══ Data for analysis

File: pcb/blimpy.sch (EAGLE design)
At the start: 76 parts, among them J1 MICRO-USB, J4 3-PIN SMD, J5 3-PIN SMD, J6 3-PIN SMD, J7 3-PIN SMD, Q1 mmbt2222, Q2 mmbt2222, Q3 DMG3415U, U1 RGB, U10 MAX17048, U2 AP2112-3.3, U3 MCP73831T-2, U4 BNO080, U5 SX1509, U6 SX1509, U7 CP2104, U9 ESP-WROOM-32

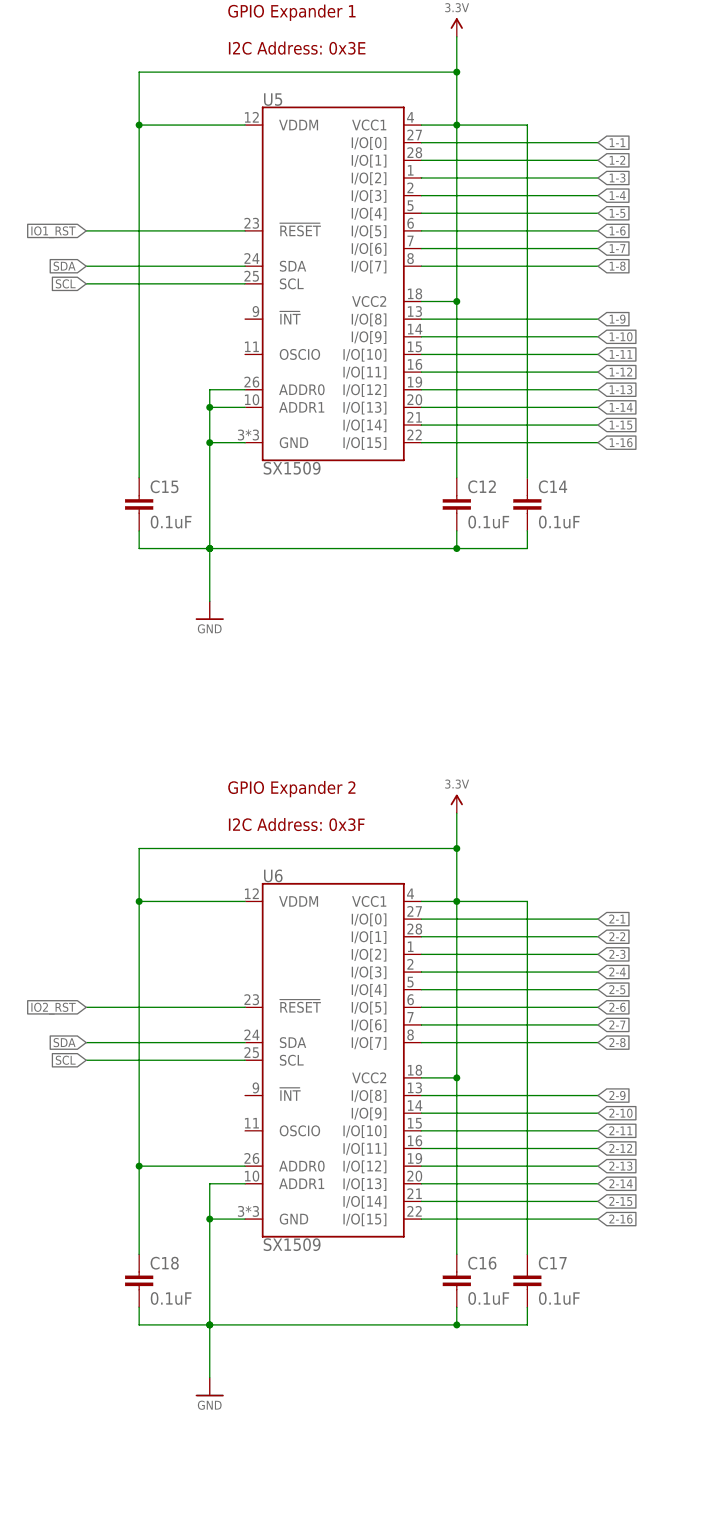
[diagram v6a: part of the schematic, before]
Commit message: fixed io capacitors
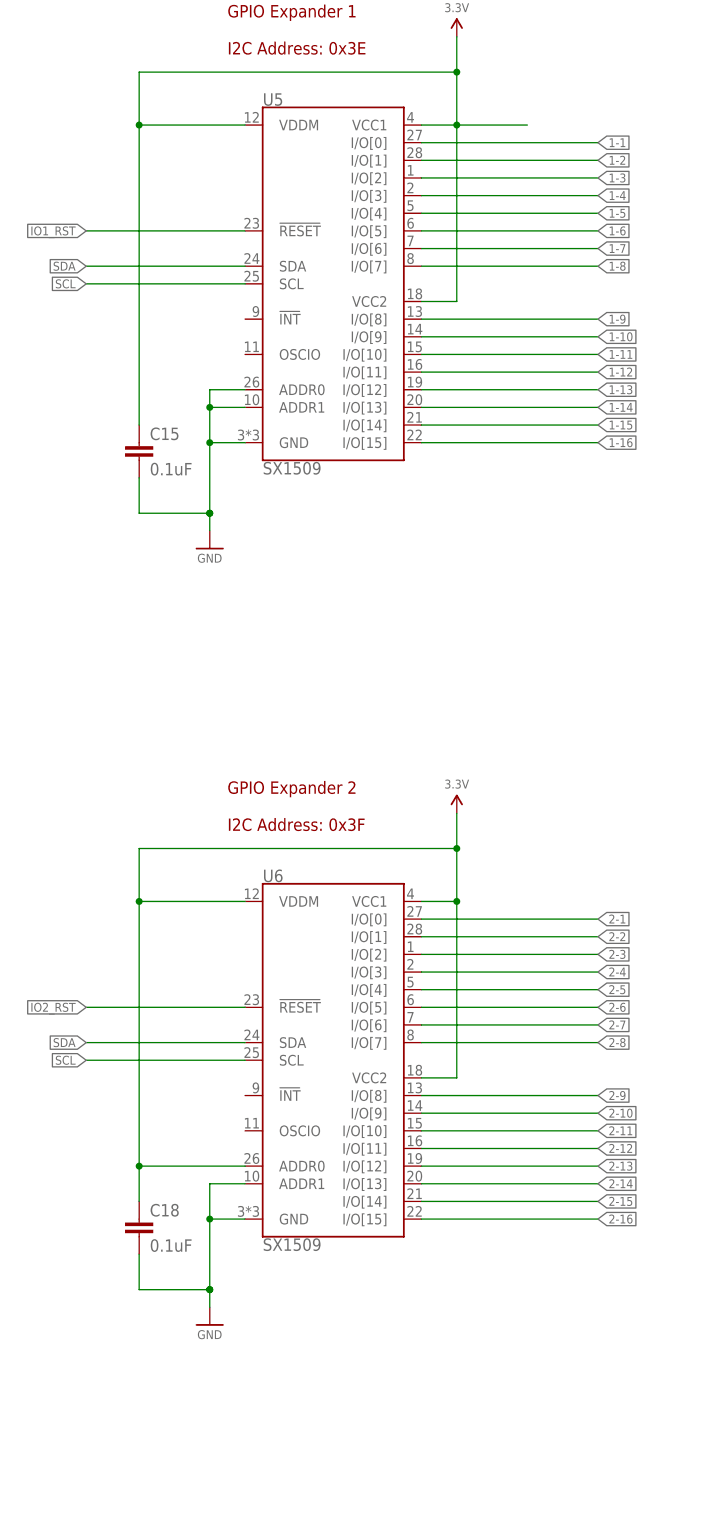
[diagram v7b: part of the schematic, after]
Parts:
- removed C12, C14, C16, C17: 0.1uF, SparkFun-Capacitors:0.1UF-0603-25V-5%
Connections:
- net 3.3V: no longer C12.1, C14.1, C16.1, C17.1
- net GND: no longer C12.2, C14.2, C16.2, C17.2
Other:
- moved on the sheet: C15, C18

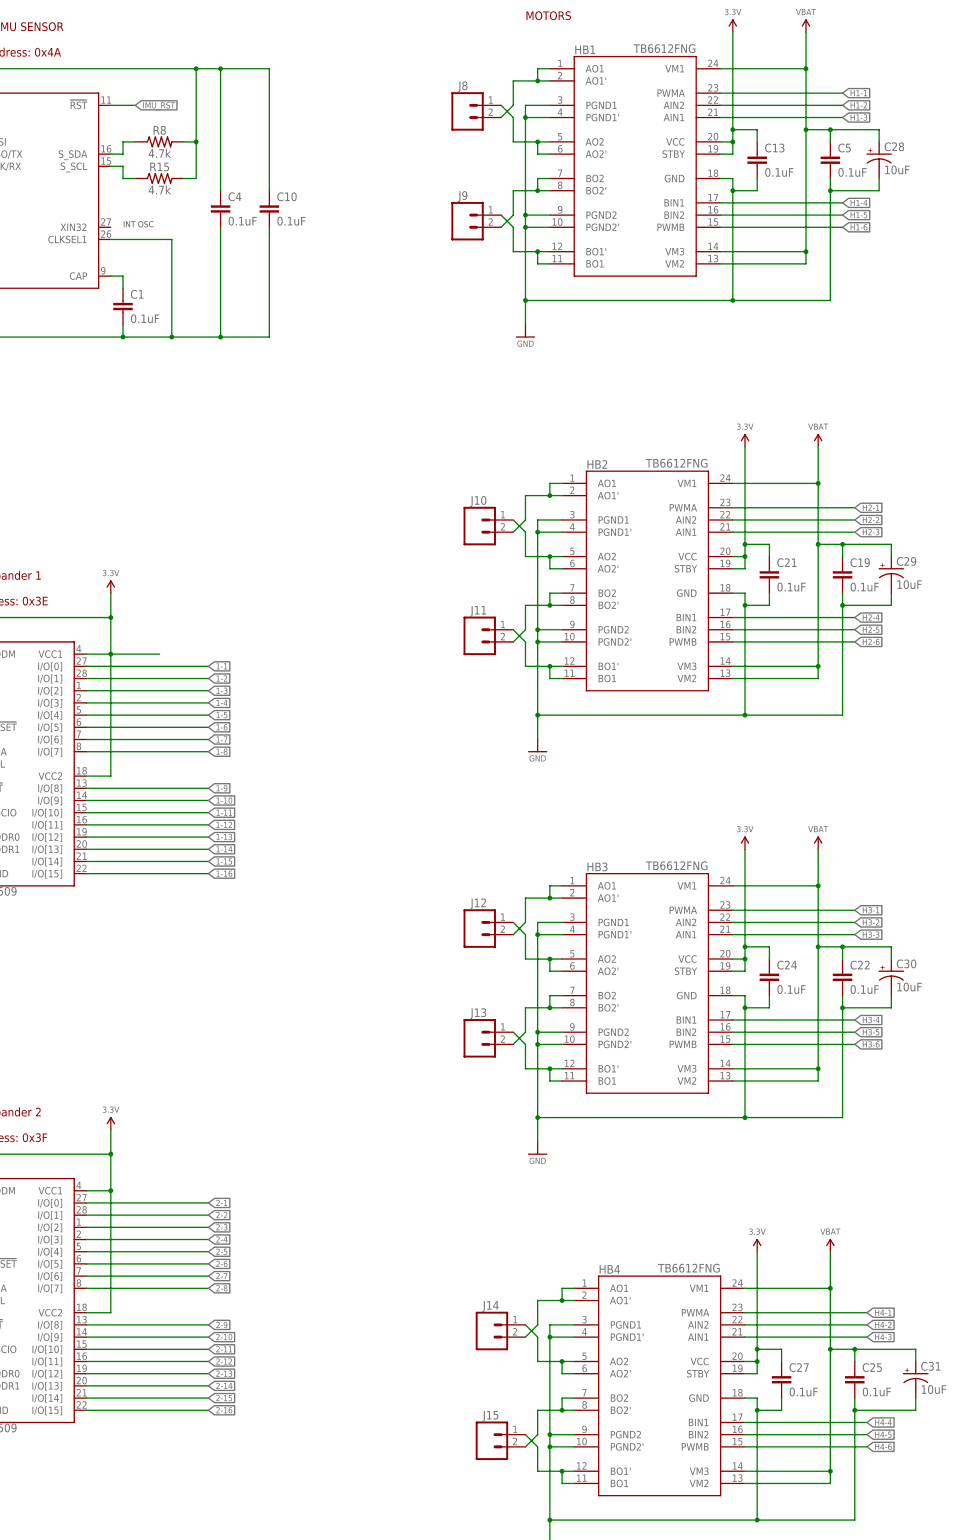
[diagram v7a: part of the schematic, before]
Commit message: finished hbridge io
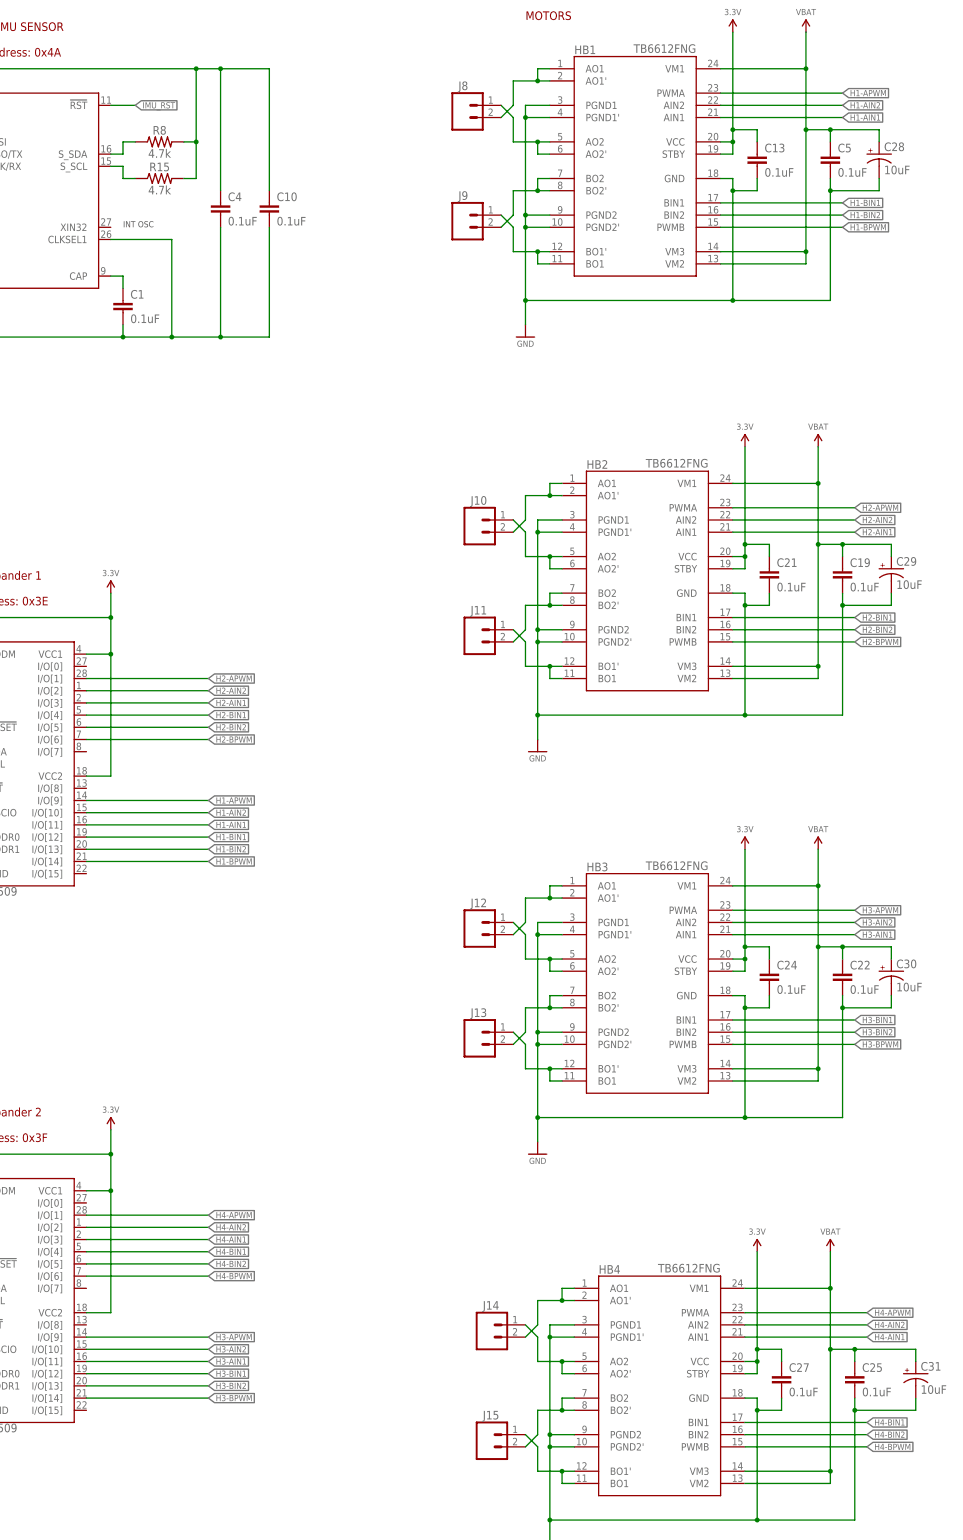
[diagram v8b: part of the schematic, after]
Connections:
- removed net 1-1: U5.I/O[0]
- removed net 1-10: U5.I/O[9]
- removed net 1-11: U5.I/O[10]
- removed net 1-12: U5.I/O[11]
- removed net 1-13: U5.I/O[12]
- removed net 1-14: U5.I/O[13]
- removed net 1-15: U5.I/O[14]
- removed net 1-16: U5.I/O[15]
- removed net 1-2: U5.I/O[1]
- removed net 1-3: U5.I/O[2]
- removed net 1-4: U5.I/O[3]
- removed net 1-5: U5.I/O[4]
- removed net 1-6: U5.I/O[5]
- removed net 1-7: U5.I/O[6]
- removed net 1-8: U5.I/O[7]
- removed net 1-9: U5.I/O[8]
- removed net 2-1: U6.I/O[0]
- removed net 2-10: U6.I/O[9]
- removed net 2-11: U6.I/O[10]
- removed net 2-12: U6.I/O[11]
- removed net 2-13: U6.I/O[12]
- removed net 2-14: U6.I/O[13]
- removed net 2-15: U6.I/O[14]
- removed net 2-16: U6.I/O[15]
- removed net 2-2: U6.I/O[1]
- removed net 2-3: U6.I/O[2]
- removed net 2-4: U6.I/O[3]
- removed net 2-5: U6.I/O[4]
- removed net 2-6: U6.I/O[5]
- removed net 2-7: U6.I/O[6]
- removed net 2-8: U6.I/O[7]
- removed net 2-9: U6.I/O[8]
- removed net H1-1: HB1.PWMA
- removed net H1-2: HB1.AIN2
- removed net H1-3: HB1.AIN1
- removed net H1-4: HB1.BIN1
- removed net H1-5: HB1.BIN2
- removed net H1-6: HB1.PWMB
- removed net H2-1: HB2.PWMA
- removed net H2-2: HB2.AIN2
- removed net H2-3: HB2.AIN1
- removed net H2-4: HB2.BIN1
- removed net H2-5: HB2.BIN2
- removed net H2-6: HB2.PWMB
- removed net H3-1: HB3.PWMA
- removed net H3-2: HB3.AIN2
- removed net H3-3: HB3.AIN1
- removed net H3-4: HB3.BIN1
- removed net H3-5: HB3.BIN2
- removed net H3-6: HB3.PWMB
- removed net H4-1: HB4.PWMA
- removed net H4-2: HB4.AIN2
- removed net H4-3: HB4.AIN1
- removed net H4-4: HB4.BIN1
- removed net H4-5: HB4.BIN2
- removed net H4-6: HB4.PWMB
- new net H1-AIN1: HB1.AIN1, U5.I/O[11]
- new net H1-AIN2: HB1.AIN2, U5.I/O[10]
- new net H1-APWM: HB1.PWMA, U5.I/O[9]
- new net H1-BIN1: HB1.BIN1, U5.I/O[12]
- new net H1-BIN2: HB1.BIN2, U5.I/O[13]
- new net H1-BPWM: HB1.PWMB, U5.I/O[14]
- new net H2-AIN1: HB2.AIN1, U5.I/O[3]
- new net H2-AIN2: HB2.AIN2, U5.I/O[2]
- new net H2-APWM: HB2.PWMA, U5.I/O[1]
- new net H2-BIN1: HB2.BIN1, U5.I/O[4]
- new net H2-BIN2: HB2.BIN2, U5.I/O[5]
- new net H2-BPWM: HB2.PWMB, U5.I/O[6]
- new net H3-AIN1: HB3.AIN1, U6.I/O[11]
- new net H3-AIN2: HB3.AIN2, U6.I/O[10]
- new net H3-APWM: HB3.PWMA, U6.I/O[9]
- new net H3-BIN1: HB3.BIN1, U6.I/O[12]
- new net H3-BIN2: HB3.BIN2, U6.I/O[13]
- new net H3-BPWM: HB3.PWMB, U6.I/O[14]
- new net H4-AIN1: HB4.AIN1, U6.I/O[3]
- new net H4-AIN2: HB4.AIN2, U6.I/O[2]
- new net H4-APWM: HB4.PWMA, U6.I/O[1]
- new net H4-BIN1: HB4.BIN1, U6.I/O[4]
- new net H4-BIN2: HB4.BIN2, U6.I/O[5]
- new net H4-BPWM: HB4.PWMB, U6.I/O[6]

════

# Try it
Without copying any images, transcribe the records exactly as they stand.

# Result of the exercise
File: pcb/blimpy.sch (EAGLE design)
At the start: 76 parts, among them J1 MICRO-USB, J4 3-PIN SMD, J5 3-PIN SMD, J6 3-PIN SMD, J7 3-PIN SMD, Q1 mmbt2222, Q2 mmbt2222, Q3 DMG3415U, U1 RGB, U10 MAX17048, U2 AP2112-3.3, U3 MCP73831T-2, U4 BNO080, U5 SX1509, U6 SX1509, U7 CP2104, U9 ESP-WROOM-32

[diagram v6a: part of the schematic, before]
Commit message: fixed io capacitors
[diagram v7b: part of the schematic, after]
Parts:
- removed C12, C14, C16, C17: 0.1uF, SparkFun-Capacitors:0.1UF-0603-25V-5%
Connections:
- net 3.3V: no longer C12.1, C14.1, C16.1, C17.1
- net GND: no longer C12.2, C14.2, C16.2, C17.2
Other:
- moved on the sheet: C15, C18

[diagram v7a: part of the schematic, before]
Commit message: finished hbridge io
[diagram v8b: part of the schematic, after]
Connections:
- removed net 1-1: U5.I/O[0]
- removed net 1-10: U5.I/O[9]
- removed net 1-11: U5.I/O[10]
- removed net 1-12: U5.I/O[11]
- removed net 1-13: U5.I/O[12]
- removed net 1-14: U5.I/O[13]
- removed net 1-15: U5.I/O[14]
- removed net 1-16: U5.I/O[15]
- removed net 1-2: U5.I/O[1]
- removed net 1-3: U5.I/O[2]
- removed net 1-4: U5.I/O[3]
- removed net 1-5: U5.I/O[4]
- removed net 1-6: U5.I/O[5]
- removed net 1-7: U5.I/O[6]
- removed net 1-8: U5.I/O[7]
- removed net 1-9: U5.I/O[8]
- removed net 2-1: U6.I/O[0]
- removed net 2-10: U6.I/O[9]
- removed net 2-11: U6.I/O[10]
- removed net 2-12: U6.I/O[11]
- removed net 2-13: U6.I/O[12]
- removed net 2-14: U6.I/O[13]
- removed net 2-15: U6.I/O[14]
- removed net 2-16: U6.I/O[15]
- removed net 2-2: U6.I/O[1]
- removed net 2-3: U6.I/O[2]
- removed net 2-4: U6.I/O[3]
- removed net 2-5: U6.I/O[4]
- removed net 2-6: U6.I/O[5]
- removed net 2-7: U6.I/O[6]
- removed net 2-8: U6.I/O[7]
- removed net 2-9: U6.I/O[8]
- removed net H1-1: HB1.PWMA
- removed net H1-2: HB1.AIN2
- removed net H1-3: HB1.AIN1
- removed net H1-4: HB1.BIN1
- removed net H1-5: HB1.BIN2
- removed net H1-6: HB1.PWMB
- removed net H2-1: HB2.PWMA
- removed net H2-2: HB2.AIN2
- removed net H2-3: HB2.AIN1
- removed net H2-4: HB2.BIN1
- removed net H2-5: HB2.BIN2
- removed net H2-6: HB2.PWMB
- removed net H3-1: HB3.PWMA
- removed net H3-2: HB3.AIN2
- removed net H3-3: HB3.AIN1
- removed net H3-4: HB3.BIN1
- removed net H3-5: HB3.BIN2
- removed net H3-6: HB3.PWMB
- removed net H4-1: HB4.PWMA
- removed net H4-2: HB4.AIN2
- removed net H4-3: HB4.AIN1
- removed net H4-4: HB4.BIN1
- removed net H4-5: HB4.BIN2
- removed net H4-6: HB4.PWMB
- new net H1-AIN1: HB1.AIN1, U5.I/O[11]
- new net H1-AIN2: HB1.AIN2, U5.I/O[10]
- new net H1-APWM: HB1.PWMA, U5.I/O[9]
- new net H1-BIN1: HB1.BIN1, U5.I/O[12]
- new net H1-BIN2: HB1.BIN2, U5.I/O[13]
- new net H1-BPWM: HB1.PWMB, U5.I/O[14]
- new net H2-AIN1: HB2.AIN1, U5.I/O[3]
- new net H2-AIN2: HB2.AIN2, U5.I/O[2]
- new net H2-APWM: HB2.PWMA, U5.I/O[1]
- new net H2-BIN1: HB2.BIN1, U5.I/O[4]
- new net H2-BIN2: HB2.BIN2, U5.I/O[5]
- new net H2-BPWM: HB2.PWMB, U5.I/O[6]
- new net H3-AIN1: HB3.AIN1, U6.I/O[11]
- new net H3-AIN2: HB3.AIN2, U6.I/O[10]
- new net H3-APWM: HB3.PWMA, U6.I/O[9]
- new net H3-BIN1: HB3.BIN1, U6.I/O[12]
- new net H3-BIN2: HB3.BIN2, U6.I/O[13]
- new net H3-BPWM: HB3.PWMB, U6.I/O[14]
- new net H4-AIN1: HB4.AIN1, U6.I/O[3]
- new net H4-AIN2: HB4.AIN2, U6.I/O[2]
- new net H4-APWM: HB4.PWMA, U6.I/O[1]
- new net H4-BIN1: HB4.BIN1, U6.I/O[4]
- new net H4-BIN2: HB4.BIN2, U6.I/O[5]
- new net H4-BPWM: HB4.PWMB, U6.I/O[6]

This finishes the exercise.